● **Prompt**
Below are records; copy every line among them that contains the word "dimtih".

● **Data for the task**
○ ○ ○ ○ ○
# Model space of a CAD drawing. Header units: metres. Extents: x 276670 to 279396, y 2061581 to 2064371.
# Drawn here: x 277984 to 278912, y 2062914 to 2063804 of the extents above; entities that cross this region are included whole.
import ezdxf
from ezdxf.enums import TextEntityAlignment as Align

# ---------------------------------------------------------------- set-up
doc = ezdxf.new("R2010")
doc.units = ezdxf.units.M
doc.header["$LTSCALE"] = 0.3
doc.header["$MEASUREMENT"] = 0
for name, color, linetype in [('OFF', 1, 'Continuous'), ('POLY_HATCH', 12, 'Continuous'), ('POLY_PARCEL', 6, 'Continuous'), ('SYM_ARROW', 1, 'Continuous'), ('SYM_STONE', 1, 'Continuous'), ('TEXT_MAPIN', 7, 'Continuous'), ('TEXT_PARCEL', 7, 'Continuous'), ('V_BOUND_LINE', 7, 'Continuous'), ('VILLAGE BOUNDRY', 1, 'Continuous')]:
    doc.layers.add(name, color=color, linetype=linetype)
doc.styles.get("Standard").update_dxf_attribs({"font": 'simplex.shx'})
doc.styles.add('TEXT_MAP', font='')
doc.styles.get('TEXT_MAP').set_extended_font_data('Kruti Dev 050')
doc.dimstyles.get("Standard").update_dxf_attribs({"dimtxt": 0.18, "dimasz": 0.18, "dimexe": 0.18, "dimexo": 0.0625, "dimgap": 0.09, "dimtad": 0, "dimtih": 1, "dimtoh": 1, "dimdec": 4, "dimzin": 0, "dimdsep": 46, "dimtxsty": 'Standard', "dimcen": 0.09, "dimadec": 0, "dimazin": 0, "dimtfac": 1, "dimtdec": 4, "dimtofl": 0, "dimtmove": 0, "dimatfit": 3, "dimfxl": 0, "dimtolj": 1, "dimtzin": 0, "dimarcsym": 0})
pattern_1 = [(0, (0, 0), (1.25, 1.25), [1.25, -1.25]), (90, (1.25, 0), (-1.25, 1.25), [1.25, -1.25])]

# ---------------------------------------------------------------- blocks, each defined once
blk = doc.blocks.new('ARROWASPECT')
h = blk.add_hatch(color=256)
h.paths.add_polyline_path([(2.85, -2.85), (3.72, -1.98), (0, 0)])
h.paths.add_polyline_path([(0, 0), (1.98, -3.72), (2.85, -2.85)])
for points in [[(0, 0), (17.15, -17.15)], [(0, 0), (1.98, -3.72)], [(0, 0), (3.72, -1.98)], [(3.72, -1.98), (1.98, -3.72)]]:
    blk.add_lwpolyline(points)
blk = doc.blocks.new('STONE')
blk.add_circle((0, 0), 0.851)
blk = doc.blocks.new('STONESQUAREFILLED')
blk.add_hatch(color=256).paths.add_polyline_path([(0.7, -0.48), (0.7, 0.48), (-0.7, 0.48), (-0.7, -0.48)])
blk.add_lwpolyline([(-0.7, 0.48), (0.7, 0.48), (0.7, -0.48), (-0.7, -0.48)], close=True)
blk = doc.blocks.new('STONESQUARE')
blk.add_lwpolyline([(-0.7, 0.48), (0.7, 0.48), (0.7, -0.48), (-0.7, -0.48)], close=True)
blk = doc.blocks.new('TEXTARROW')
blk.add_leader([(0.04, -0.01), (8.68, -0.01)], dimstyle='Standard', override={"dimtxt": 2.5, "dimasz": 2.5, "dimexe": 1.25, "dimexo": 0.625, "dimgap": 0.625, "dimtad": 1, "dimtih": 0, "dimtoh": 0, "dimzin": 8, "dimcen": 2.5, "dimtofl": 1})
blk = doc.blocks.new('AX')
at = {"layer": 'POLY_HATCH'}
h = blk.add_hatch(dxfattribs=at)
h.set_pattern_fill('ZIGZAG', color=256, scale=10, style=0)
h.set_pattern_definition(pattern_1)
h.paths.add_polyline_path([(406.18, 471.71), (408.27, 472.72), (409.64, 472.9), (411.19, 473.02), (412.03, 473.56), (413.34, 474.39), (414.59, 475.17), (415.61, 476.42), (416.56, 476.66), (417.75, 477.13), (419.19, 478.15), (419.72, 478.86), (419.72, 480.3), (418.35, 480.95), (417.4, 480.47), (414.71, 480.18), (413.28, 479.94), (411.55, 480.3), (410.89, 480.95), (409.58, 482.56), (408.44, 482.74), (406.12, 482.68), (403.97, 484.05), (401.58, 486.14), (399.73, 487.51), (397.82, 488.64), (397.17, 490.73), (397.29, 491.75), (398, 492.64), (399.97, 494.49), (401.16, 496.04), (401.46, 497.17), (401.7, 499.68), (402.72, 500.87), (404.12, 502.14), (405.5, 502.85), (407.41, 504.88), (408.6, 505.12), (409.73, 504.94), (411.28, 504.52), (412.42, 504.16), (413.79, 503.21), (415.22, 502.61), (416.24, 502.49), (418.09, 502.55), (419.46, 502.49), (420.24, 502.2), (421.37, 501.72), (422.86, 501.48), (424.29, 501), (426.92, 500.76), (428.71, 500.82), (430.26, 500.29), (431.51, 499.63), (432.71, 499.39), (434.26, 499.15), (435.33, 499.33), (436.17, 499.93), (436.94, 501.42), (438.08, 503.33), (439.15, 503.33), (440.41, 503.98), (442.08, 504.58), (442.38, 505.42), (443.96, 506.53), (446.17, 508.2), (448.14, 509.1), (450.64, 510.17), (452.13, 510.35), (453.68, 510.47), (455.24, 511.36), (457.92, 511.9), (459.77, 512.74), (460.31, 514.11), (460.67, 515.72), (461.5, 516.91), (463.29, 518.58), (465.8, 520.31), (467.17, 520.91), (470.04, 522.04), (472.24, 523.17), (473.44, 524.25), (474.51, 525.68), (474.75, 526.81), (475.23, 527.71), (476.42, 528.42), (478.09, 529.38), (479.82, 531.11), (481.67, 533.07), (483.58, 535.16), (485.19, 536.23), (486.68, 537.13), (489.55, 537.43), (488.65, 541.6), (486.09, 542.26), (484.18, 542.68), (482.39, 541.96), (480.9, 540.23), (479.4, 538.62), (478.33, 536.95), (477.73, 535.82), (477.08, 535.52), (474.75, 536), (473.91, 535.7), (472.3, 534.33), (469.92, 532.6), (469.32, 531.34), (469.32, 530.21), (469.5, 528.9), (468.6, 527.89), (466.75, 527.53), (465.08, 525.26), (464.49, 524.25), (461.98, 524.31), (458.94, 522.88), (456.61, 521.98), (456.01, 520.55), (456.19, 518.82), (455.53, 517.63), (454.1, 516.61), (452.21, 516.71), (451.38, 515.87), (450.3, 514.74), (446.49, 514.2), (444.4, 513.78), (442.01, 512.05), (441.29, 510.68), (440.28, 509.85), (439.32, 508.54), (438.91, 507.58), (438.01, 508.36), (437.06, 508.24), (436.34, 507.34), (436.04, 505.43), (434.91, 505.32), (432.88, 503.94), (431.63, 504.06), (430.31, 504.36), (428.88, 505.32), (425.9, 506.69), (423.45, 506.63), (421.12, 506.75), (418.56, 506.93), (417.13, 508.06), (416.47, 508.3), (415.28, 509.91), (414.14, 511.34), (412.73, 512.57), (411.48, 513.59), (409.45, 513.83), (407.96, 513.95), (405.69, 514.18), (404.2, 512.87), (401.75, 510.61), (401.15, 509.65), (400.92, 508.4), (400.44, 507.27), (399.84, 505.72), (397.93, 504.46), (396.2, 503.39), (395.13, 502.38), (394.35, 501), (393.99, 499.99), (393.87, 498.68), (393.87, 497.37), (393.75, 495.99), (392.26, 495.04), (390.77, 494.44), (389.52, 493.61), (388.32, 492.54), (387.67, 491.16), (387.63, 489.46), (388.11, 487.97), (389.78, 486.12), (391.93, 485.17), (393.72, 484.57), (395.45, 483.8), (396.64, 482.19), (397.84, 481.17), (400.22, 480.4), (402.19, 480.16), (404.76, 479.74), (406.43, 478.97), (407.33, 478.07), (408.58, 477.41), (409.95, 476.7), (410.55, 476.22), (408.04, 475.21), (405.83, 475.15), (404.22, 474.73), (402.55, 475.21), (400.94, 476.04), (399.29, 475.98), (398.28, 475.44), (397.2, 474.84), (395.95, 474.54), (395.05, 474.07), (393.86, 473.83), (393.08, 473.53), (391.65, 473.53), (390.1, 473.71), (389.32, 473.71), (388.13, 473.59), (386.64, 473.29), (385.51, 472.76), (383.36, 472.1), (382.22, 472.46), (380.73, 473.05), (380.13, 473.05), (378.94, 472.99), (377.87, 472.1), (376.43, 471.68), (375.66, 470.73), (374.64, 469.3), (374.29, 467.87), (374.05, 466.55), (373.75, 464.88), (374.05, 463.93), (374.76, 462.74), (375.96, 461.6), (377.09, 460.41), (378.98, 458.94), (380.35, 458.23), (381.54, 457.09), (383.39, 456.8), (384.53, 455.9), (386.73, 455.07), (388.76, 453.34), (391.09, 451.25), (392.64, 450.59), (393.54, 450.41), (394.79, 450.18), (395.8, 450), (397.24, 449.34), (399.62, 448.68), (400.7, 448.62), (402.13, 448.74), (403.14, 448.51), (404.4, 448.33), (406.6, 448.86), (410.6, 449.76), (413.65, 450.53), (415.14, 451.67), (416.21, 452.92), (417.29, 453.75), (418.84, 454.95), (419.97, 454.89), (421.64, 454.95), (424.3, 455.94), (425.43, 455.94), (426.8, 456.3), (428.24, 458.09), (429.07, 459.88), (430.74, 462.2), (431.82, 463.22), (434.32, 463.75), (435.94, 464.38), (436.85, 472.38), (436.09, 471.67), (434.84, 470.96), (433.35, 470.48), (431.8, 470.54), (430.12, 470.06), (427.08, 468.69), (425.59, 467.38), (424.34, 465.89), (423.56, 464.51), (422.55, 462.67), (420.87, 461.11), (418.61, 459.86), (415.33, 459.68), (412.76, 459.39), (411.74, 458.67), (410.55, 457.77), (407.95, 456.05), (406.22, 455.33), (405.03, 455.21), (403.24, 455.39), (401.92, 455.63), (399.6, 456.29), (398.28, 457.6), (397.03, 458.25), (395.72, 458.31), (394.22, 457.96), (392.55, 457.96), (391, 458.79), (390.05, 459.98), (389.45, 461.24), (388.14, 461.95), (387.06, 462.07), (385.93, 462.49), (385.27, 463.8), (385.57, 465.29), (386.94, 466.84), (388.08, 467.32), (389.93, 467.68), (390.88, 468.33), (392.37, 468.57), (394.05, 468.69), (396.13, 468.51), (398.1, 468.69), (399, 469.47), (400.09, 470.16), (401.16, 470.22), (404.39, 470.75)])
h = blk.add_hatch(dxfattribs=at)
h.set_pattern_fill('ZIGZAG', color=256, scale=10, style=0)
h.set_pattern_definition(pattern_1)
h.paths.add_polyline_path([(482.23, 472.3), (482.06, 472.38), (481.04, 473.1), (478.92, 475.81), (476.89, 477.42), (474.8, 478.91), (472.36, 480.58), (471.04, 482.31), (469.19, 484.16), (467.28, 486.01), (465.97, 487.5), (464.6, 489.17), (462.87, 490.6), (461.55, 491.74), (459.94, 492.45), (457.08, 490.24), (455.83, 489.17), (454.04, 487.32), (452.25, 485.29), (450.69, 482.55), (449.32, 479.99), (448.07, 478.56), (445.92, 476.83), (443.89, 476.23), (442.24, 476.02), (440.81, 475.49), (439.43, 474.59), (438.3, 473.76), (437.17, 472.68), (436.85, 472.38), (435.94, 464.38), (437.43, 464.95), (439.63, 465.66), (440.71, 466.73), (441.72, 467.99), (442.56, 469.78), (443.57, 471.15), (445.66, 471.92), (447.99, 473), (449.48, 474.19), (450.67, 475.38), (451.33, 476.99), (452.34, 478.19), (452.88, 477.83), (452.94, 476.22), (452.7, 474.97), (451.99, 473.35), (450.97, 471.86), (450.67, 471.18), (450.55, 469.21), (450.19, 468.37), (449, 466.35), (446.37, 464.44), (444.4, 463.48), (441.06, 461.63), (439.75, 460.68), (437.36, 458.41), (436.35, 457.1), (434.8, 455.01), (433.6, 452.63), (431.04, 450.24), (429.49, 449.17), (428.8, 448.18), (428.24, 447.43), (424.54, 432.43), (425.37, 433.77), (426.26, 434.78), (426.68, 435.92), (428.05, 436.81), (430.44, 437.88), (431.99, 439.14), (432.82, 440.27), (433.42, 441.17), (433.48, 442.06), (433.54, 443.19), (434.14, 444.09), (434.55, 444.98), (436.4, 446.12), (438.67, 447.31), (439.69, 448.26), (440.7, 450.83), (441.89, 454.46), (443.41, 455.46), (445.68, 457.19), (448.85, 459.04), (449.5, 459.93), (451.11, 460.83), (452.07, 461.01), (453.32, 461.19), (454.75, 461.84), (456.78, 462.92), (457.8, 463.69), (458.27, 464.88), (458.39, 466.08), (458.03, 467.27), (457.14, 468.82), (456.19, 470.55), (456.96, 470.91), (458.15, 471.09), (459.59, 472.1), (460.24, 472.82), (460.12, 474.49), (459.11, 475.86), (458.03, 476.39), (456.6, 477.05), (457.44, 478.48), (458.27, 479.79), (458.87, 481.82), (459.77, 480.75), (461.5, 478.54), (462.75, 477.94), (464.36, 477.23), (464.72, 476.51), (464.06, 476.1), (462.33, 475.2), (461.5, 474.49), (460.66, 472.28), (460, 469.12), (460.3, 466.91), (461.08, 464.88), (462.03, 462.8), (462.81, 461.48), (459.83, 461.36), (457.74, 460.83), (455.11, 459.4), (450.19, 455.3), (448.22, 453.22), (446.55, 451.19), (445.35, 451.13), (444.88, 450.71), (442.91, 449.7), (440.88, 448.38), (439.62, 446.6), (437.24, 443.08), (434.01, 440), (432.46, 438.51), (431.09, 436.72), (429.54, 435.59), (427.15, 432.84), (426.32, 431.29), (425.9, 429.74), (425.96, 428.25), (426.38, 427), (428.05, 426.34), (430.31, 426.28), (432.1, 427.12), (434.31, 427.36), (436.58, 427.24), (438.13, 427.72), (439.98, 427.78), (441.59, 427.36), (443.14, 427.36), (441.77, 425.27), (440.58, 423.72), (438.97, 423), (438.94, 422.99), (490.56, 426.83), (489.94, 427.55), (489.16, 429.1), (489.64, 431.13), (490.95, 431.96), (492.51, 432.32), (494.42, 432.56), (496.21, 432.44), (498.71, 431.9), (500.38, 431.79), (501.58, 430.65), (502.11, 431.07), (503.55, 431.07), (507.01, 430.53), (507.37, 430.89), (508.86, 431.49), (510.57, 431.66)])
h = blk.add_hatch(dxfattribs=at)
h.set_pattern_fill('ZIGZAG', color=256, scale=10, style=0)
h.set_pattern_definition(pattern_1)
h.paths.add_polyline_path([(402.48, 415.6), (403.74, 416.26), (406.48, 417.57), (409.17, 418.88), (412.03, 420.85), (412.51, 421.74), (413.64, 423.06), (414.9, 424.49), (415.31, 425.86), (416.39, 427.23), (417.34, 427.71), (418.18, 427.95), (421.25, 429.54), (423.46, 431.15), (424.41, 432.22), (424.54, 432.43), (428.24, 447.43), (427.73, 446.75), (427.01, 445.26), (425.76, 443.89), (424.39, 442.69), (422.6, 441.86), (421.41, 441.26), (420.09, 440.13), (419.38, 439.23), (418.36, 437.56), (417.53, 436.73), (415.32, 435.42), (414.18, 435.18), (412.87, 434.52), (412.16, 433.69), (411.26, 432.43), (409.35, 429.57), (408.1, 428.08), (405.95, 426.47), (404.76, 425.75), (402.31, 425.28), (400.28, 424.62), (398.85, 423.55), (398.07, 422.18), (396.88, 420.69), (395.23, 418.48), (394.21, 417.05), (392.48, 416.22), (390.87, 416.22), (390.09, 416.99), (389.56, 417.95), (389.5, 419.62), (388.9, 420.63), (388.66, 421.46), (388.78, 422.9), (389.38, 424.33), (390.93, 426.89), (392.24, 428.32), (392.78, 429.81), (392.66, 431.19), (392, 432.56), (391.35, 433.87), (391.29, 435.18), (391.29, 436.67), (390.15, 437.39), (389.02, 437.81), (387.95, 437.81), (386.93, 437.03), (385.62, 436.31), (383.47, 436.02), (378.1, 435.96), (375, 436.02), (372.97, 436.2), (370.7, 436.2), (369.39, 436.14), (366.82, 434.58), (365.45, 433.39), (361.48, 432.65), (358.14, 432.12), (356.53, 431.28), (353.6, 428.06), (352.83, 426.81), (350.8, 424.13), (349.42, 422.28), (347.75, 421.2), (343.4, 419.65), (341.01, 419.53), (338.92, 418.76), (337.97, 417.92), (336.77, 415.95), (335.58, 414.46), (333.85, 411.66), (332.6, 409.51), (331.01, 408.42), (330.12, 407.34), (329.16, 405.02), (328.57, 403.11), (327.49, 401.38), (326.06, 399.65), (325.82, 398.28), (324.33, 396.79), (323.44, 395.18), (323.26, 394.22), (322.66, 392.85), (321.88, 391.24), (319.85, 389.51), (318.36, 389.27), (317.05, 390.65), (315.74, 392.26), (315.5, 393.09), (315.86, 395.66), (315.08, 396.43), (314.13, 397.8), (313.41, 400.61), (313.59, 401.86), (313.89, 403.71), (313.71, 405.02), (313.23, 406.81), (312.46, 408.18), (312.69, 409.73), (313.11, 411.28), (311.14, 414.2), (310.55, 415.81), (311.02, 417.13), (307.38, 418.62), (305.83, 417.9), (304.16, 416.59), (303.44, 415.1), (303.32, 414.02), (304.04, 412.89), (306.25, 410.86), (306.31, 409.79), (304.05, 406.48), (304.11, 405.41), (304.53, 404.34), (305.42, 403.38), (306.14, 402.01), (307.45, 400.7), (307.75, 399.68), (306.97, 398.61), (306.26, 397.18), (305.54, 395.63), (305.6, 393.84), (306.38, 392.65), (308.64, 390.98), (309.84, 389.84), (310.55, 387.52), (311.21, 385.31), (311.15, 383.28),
○ ○ ○ ○ ○
● **Exercise result**
doc.dimstyles.get("Standard").update_dxf_attribs({"dimtxt": 0.18, "dimasz": 0.18, "dimexe": 0.18, "dimexo": 0.0625, "dimgap": 0.09, "dimtad": 0, "dimtih": 1, "dimtoh": 1, "dimdec": 4, "dimzin": 0, "dimdsep": 46, "dimtxsty": 'Standard', "dimcen": 0.09, "dimadec": 0, "dimazin": 0, "dimtfac": 1, "dimtdec": 4, "dimtofl": 0, "dimtmove": 0, "dimatfit": 3, "dimfxl": 0, "dimtolj": 1, "dimtzin": 0, "dimarcsym": 0})
blk.add_leader([(0.04, -0.01), (8.68, -0.01)], dimstyle='Standard', override={"dimtxt": 2.5, "dimasz": 2.5, "dimexe": 1.25, "dimexo": 0.625, "dimgap": 0.625, "dimtad": 1, "dimtih": 0, "dimtoh": 0, "dimzin": 8, "dimcen": 2.5, "dimtofl": 1})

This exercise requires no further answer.